(Entries taken from a collection)
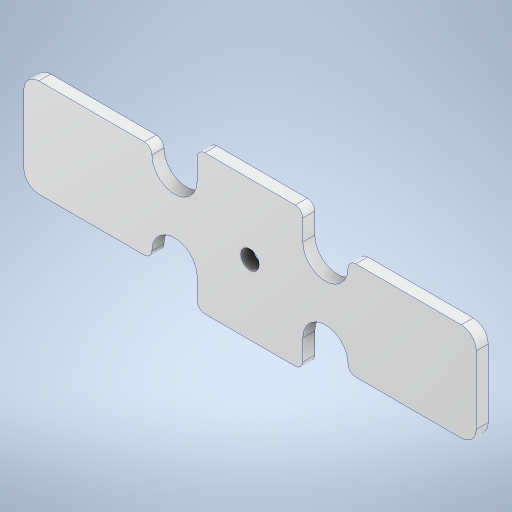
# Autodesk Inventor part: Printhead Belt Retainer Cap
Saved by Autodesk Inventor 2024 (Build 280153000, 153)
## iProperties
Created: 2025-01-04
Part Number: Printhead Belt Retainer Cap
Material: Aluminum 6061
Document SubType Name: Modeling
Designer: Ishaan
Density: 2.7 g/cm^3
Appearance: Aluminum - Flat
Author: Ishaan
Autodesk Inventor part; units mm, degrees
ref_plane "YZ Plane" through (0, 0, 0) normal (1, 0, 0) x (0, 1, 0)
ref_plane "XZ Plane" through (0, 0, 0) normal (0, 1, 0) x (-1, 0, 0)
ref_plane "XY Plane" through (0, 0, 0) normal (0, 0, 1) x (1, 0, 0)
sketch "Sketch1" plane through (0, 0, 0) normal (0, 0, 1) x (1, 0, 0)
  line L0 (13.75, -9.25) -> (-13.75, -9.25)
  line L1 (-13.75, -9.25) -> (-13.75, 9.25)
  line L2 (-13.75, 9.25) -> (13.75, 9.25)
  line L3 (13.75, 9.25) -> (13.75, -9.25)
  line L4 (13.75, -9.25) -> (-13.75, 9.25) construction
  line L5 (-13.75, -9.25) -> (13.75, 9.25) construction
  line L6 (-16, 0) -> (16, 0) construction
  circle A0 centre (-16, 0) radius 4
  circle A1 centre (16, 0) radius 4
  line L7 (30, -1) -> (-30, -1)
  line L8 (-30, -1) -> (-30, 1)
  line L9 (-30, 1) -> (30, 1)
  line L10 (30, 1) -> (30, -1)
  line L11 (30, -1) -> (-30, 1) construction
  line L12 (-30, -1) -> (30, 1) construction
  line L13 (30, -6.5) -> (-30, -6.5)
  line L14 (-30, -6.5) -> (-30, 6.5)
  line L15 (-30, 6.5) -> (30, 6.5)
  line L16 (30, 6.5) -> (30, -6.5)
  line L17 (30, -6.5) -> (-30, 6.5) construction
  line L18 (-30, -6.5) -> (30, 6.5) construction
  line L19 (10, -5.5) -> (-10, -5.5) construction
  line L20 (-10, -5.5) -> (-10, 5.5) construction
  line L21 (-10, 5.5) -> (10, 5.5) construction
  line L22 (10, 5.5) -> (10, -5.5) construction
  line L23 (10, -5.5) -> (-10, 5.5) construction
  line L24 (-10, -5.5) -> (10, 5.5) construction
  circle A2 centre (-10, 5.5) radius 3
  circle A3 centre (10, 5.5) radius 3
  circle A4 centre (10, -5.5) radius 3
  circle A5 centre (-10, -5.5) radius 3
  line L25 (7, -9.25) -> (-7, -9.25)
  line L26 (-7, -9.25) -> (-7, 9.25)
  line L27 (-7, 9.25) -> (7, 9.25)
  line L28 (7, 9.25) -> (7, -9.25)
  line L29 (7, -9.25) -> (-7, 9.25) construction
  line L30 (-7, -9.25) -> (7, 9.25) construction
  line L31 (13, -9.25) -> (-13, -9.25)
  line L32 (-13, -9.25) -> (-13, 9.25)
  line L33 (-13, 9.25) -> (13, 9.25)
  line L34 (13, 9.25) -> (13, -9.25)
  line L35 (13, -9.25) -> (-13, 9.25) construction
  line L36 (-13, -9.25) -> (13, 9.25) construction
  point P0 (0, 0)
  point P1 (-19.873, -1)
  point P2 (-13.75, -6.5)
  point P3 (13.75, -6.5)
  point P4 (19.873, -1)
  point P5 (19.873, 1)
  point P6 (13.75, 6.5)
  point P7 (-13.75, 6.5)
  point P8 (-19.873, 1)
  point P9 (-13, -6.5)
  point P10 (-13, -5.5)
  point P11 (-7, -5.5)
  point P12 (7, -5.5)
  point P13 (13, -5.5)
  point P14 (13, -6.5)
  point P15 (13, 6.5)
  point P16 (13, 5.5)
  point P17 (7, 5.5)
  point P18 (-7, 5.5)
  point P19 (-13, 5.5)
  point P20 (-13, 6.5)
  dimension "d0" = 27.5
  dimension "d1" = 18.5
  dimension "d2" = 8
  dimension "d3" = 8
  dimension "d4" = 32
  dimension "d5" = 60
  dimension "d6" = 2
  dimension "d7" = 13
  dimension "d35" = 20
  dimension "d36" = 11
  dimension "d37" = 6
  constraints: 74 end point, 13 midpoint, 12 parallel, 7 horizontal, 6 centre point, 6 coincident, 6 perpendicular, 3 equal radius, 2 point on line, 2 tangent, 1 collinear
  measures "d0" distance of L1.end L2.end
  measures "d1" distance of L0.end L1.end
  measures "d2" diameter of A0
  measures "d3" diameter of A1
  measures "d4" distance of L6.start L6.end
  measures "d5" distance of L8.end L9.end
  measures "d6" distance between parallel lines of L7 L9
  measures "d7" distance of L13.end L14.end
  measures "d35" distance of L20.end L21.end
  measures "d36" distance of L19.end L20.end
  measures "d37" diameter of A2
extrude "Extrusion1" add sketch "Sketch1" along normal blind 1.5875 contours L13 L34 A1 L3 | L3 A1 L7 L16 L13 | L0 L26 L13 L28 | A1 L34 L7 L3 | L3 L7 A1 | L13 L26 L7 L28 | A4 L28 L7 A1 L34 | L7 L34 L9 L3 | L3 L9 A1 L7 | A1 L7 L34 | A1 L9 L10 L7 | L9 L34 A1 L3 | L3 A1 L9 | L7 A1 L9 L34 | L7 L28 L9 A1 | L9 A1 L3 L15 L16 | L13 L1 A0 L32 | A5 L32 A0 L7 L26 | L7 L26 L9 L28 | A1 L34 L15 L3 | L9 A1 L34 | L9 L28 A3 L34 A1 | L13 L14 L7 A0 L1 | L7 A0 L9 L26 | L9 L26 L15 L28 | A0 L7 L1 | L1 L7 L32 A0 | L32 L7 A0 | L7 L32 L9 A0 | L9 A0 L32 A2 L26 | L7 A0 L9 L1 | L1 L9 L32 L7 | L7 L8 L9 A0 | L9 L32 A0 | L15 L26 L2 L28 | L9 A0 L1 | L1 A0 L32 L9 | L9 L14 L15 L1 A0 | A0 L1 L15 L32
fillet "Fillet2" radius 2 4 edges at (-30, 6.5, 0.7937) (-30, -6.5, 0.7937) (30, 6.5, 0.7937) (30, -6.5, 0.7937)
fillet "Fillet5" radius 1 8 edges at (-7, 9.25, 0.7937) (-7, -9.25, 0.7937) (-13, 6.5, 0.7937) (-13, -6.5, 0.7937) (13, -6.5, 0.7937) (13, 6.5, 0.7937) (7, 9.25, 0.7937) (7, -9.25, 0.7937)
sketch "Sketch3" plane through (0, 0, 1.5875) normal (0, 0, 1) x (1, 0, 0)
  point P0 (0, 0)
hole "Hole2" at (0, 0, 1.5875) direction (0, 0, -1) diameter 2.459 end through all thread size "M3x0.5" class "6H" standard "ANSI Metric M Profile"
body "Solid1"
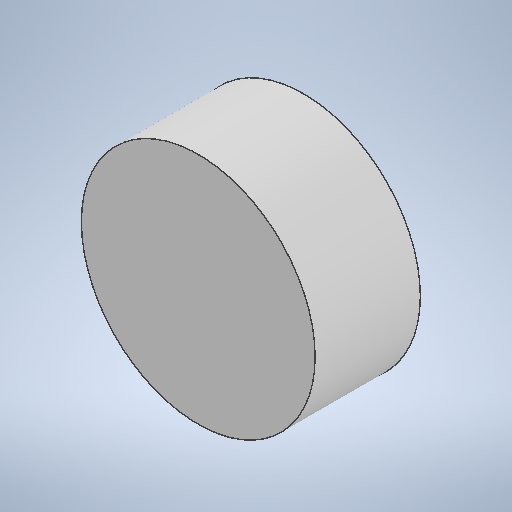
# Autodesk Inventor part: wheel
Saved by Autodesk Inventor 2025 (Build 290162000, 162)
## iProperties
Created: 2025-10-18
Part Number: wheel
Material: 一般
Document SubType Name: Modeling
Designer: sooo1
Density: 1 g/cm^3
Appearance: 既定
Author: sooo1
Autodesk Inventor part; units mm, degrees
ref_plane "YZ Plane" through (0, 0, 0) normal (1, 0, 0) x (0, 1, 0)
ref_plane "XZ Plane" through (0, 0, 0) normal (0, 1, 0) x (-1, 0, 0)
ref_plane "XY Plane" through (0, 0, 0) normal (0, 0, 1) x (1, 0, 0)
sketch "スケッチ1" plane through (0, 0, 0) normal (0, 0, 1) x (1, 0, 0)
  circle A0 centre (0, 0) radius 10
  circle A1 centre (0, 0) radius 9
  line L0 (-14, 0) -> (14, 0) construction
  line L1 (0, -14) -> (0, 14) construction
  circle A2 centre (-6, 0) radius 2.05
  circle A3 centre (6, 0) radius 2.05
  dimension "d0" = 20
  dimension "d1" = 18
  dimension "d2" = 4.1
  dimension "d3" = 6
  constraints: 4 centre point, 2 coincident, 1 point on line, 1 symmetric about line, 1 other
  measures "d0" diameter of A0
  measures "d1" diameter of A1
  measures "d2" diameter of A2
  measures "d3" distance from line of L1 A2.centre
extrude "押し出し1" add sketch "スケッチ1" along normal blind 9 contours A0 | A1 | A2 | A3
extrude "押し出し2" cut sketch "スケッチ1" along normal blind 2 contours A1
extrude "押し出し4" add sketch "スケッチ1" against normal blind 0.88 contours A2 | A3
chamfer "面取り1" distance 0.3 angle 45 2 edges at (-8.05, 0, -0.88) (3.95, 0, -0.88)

WORK INSTRUCTIONS: The lines to output run from the one containing "contours A2 | A3" to the last line of the entries; give them back exactly.

OUTPUT OF THE TASK:
extrude "押し出し4" add sketch "スケッチ1" against normal blind 0.88 contours A2 | A3
chamfer "面取り1" distance 0.3 angle 45 2 edges at (-8.05, 0, -0.88) (3.95, 0, -0.88)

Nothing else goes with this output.